>>>
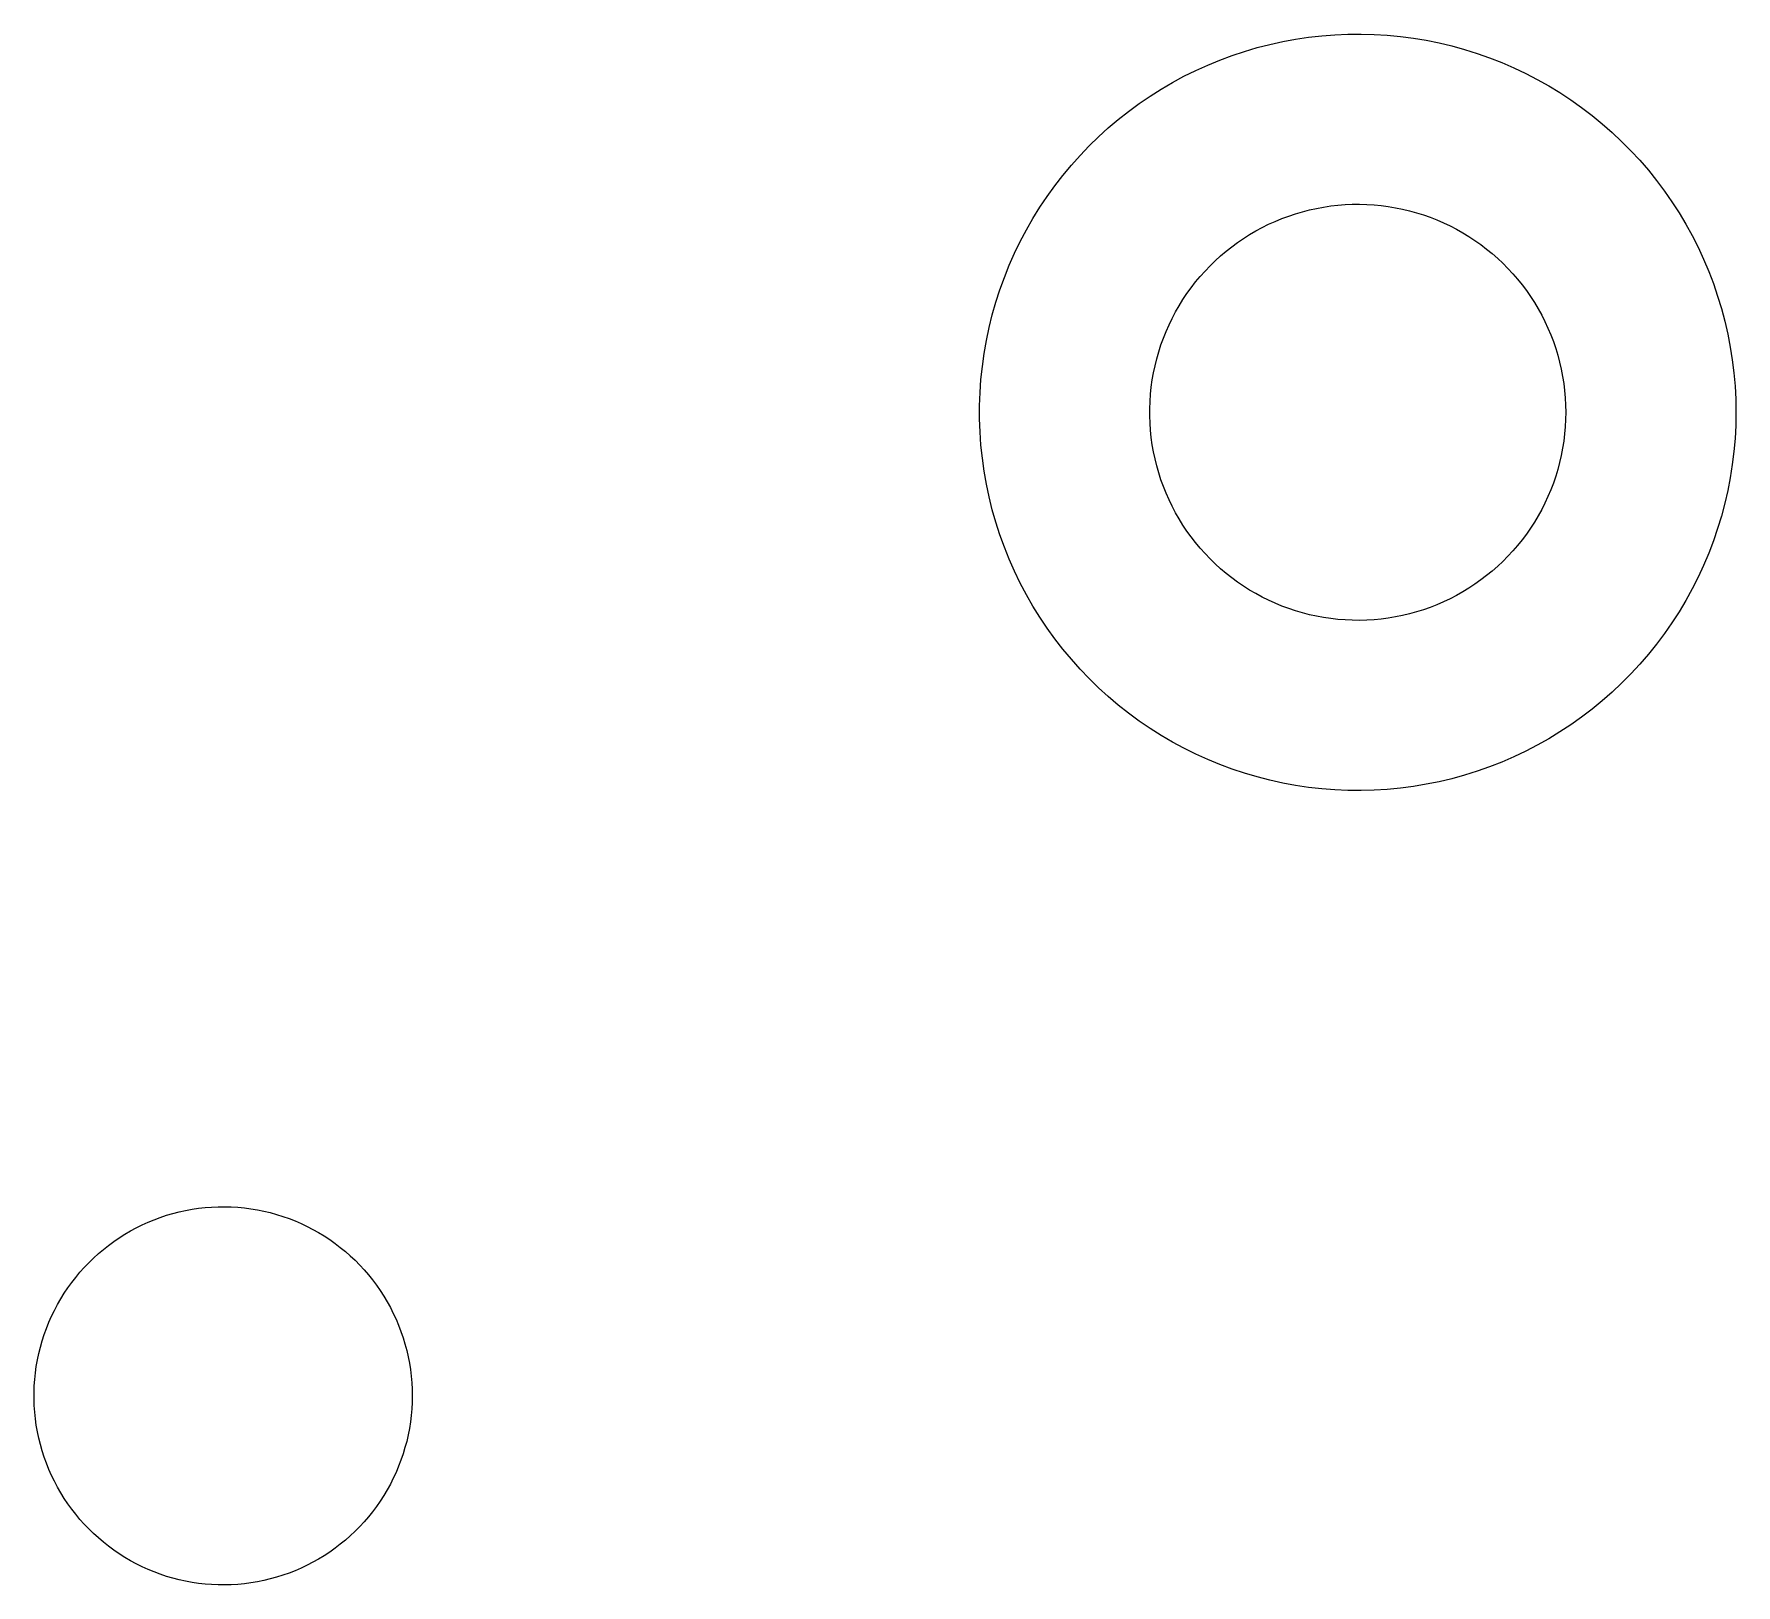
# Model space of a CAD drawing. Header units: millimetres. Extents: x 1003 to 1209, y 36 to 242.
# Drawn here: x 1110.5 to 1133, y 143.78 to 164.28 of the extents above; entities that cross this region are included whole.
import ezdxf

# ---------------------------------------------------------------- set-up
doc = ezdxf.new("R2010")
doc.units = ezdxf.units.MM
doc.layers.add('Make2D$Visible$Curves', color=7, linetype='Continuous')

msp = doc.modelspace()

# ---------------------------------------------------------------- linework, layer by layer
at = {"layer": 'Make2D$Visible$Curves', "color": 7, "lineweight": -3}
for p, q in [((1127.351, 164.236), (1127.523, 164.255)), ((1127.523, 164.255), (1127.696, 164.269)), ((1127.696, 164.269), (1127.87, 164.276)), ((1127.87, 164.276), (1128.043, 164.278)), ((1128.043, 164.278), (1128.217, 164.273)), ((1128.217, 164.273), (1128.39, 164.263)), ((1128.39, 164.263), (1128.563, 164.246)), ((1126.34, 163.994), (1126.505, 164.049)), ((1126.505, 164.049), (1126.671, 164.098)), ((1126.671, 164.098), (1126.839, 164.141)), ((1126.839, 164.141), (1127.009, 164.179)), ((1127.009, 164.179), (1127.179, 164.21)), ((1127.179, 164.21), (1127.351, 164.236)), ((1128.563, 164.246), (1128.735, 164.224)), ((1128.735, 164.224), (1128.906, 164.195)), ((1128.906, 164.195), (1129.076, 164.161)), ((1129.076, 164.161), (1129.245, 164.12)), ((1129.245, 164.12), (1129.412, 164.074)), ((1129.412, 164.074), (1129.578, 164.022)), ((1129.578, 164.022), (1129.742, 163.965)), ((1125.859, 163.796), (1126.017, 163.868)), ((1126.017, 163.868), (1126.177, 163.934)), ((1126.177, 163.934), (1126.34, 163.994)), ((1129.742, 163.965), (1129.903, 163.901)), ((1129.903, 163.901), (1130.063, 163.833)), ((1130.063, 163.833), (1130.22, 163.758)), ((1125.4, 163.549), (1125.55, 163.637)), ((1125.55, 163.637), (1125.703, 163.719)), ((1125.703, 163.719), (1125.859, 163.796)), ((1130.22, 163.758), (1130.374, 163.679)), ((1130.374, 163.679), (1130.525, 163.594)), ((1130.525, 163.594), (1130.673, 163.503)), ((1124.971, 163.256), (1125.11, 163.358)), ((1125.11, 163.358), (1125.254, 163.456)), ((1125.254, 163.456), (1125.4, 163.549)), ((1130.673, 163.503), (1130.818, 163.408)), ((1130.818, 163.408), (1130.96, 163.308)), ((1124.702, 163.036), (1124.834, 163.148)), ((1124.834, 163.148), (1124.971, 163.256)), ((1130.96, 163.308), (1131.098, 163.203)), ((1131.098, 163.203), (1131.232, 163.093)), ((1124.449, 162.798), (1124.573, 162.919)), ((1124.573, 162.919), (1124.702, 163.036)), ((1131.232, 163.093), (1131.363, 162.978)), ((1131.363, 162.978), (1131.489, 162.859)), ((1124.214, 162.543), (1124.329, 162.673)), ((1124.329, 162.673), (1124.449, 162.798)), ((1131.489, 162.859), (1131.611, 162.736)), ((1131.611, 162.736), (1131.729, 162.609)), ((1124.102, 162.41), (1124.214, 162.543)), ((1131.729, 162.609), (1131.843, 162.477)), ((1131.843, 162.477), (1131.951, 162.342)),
<<<
*Exercise requirements*
The records above should be written out exactly, and the images dropped.

*Solution*
# Model space of a CAD drawing. Header units: millimetres. Extents: x 1003 to 1209, y 36 to 242.
# Drawn here: x 1110.5 to 1133, y 143.78 to 164.28 of the extents above; entities that cross this region are included whole.
import ezdxf

# ---------------------------------------------------------------- set-up
doc = ezdxf.new("R2010")
doc.units = ezdxf.units.MM
doc.layers.add('Make2D$Visible$Curves', color=7, linetype='Continuous')

msp = doc.modelspace()

# ---------------------------------------------------------------- linework, layer by layer
at = {"layer": 'Make2D$Visible$Curves', "color": 7, "lineweight": -3}
for p, q in [((1127.351, 164.236), (1127.523, 164.255)), ((1127.523, 164.255), (1127.696, 164.269)), ((1127.696, 164.269), (1127.87, 164.276)), ((1127.87, 164.276), (1128.043, 164.278)), ((1128.043, 164.278), (1128.217, 164.273)), ((1128.217, 164.273), (1128.39, 164.263)), ((1128.39, 164.263), (1128.563, 164.246)), ((1126.34, 163.994), (1126.505, 164.049)), ((1126.505, 164.049), (1126.671, 164.098)), ((1126.671, 164.098), (1126.839, 164.141)), ((1126.839, 164.141), (1127.009, 164.179)), ((1127.009, 164.179), (1127.179, 164.21)), ((1127.179, 164.21), (1127.351, 164.236)), ((1128.563, 164.246), (1128.735, 164.224)), ((1128.735, 164.224), (1128.906, 164.195)), ((1128.906, 164.195), (1129.076, 164.161)), ((1129.076, 164.161), (1129.245, 164.12)), ((1129.245, 164.12), (1129.412, 164.074)), ((1129.412, 164.074), (1129.578, 164.022)), ((1129.578, 164.022), (1129.742, 163.965)), ((1125.859, 163.796), (1126.017, 163.868)), ((1126.017, 163.868), (1126.177, 163.934)), ((1126.177, 163.934), (1126.34, 163.994)), ((1129.742, 163.965), (1129.903, 163.901)), ((1129.903, 163.901), (1130.063, 163.833)), ((1130.063, 163.833), (1130.22, 163.758)), ((1125.4, 163.549), (1125.55, 163.637)), ((1125.55, 163.637), (1125.703, 163.719)), ((1125.703, 163.719), (1125.859, 163.796)), ((1130.22, 163.758), (1130.374, 163.679)), ((1130.374, 163.679), (1130.525, 163.594)), ((1130.525, 163.594), (1130.673, 163.503)), ((1124.971, 163.256), (1125.11, 163.358)), ((1125.11, 163.358), (1125.254, 163.456)), ((1125.254, 163.456), (1125.4, 163.549)), ((1130.673, 163.503), (1130.818, 163.408)), ((1130.818, 163.408), (1130.96, 163.308)), ((1124.702, 163.036), (1124.834, 163.148)), ((1124.834, 163.148), (1124.971, 163.256)), ((1130.96, 163.308), (1131.098, 163.203)), ((1131.098, 163.203), (1131.232, 163.093)), ((1124.449, 162.798), (1124.573, 162.919)), ((1124.573, 162.919), (1124.702, 163.036)), ((1131.232, 163.093), (1131.363, 162.978)), ((1131.363, 162.978), (1131.489, 162.859)), ((1124.214, 162.543), (1124.329, 162.673)), ((1124.329, 162.673), (1124.449, 162.798)), ((1131.489, 162.859), (1131.611, 162.736)), ((1131.611, 162.736), (1131.729, 162.609)), ((1124.102, 162.41), (1124.214, 162.543)), ((1131.729, 162.609), (1131.843, 162.477)), ((1131.843, 162.477), (1131.951, 162.342)),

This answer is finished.